# Good Evening Brothers!!



## montkun (Sep 30, 2015)

Hello everyone, I'm a newly raised (8/29/15) Master Mason representing Melita Lodge #117 under the Most Worshipful Prince Hall Grand Lodge of Pennsylvania: Masonic District #7 of Pittsburgh, Pennsylvania. 

Joining this lodge of wonderful men was especially significant for me because it was done with my Grandfather present. Personally, I was overwhelmed when he shook my hand and called me Brother for the first time.





Currently I'm studying for my proficiency in the 3rd degree, and I hope to give it next month. That way I can focus my efforts towards my new duties as Senior Deacon at both regular meetings and in degree work.


----------



## Warrior1256 (Oct 1, 2015)

Congratulations and welcome brother. Glad to have you here. I, too, was appointed Senior Deacon soon after my raising. I was raised in August of last year.
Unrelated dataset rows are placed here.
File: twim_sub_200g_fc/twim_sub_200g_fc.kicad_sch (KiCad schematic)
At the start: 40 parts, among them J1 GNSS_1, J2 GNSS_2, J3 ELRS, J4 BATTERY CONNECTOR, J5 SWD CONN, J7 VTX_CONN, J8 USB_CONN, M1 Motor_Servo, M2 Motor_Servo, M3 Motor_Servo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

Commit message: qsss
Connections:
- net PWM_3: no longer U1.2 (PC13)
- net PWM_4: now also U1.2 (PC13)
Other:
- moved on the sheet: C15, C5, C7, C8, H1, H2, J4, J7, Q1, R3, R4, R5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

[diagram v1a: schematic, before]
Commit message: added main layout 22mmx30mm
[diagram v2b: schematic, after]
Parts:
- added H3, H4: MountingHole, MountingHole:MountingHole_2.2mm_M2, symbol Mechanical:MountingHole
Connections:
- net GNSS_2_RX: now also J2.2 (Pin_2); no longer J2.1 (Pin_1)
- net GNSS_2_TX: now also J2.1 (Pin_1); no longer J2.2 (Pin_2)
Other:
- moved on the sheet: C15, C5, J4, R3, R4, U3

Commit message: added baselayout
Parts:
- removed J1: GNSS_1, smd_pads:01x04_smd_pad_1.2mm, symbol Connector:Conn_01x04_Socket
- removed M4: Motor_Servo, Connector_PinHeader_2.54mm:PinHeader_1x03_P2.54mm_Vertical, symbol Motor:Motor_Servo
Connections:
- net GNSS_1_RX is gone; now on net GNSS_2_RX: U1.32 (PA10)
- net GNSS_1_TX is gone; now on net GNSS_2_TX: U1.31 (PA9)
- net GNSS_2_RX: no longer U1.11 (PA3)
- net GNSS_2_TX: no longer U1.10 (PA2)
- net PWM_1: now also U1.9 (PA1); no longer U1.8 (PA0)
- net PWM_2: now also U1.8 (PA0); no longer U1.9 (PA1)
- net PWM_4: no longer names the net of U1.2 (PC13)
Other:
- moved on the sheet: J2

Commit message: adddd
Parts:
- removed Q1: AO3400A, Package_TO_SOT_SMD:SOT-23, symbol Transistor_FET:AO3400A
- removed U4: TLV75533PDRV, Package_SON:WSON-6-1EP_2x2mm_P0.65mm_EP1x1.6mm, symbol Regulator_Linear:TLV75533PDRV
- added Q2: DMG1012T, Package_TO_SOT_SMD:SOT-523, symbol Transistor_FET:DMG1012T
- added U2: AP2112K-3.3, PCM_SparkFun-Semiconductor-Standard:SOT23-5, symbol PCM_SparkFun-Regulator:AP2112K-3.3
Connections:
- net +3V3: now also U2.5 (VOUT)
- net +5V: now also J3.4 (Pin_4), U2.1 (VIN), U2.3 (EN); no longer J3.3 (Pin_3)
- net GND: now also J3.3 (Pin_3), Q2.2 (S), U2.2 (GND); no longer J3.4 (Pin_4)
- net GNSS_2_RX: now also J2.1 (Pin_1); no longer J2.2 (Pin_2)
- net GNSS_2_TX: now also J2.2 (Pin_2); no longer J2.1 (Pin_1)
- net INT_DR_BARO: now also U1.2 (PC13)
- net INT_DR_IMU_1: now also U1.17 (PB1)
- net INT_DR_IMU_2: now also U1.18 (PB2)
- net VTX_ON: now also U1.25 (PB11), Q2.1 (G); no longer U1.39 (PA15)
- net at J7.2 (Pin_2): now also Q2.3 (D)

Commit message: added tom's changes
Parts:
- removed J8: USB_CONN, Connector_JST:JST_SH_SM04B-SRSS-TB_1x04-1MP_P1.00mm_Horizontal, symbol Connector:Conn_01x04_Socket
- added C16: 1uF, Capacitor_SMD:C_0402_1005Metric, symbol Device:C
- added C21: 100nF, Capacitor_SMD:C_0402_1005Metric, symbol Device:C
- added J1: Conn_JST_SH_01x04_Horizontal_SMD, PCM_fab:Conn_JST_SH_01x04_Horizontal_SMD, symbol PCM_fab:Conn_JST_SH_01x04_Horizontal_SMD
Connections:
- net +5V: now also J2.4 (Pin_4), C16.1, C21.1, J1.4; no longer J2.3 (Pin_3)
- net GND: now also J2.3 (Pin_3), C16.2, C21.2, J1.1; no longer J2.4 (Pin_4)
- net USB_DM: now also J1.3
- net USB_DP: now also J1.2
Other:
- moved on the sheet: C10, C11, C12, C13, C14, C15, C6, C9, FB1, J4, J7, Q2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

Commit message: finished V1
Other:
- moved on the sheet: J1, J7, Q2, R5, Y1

Look forward to communicating with you on the forums.


----------



## Mike Martin (Oct 6, 2015)

Congratulations and welcome


----------



## Derinique Kendrick (Oct 6, 2015)

Congratulations and welcome, brother!


----------



## HerrickMusic (Oct 13, 2015)

Welcome brother!  My dad raised me, so I know how you feel!  It's both an honor and a privilege!!!


----------



## David Gillies (Oct 16, 2015)

welcome and congratulations  remember you get out of masonry what you put in Hope you have along and happy carear in masonry


----------



## Blake Bowden (Oct 16, 2015)

Welcome to My Freemasonry and congratulations on beginning your travels!


----------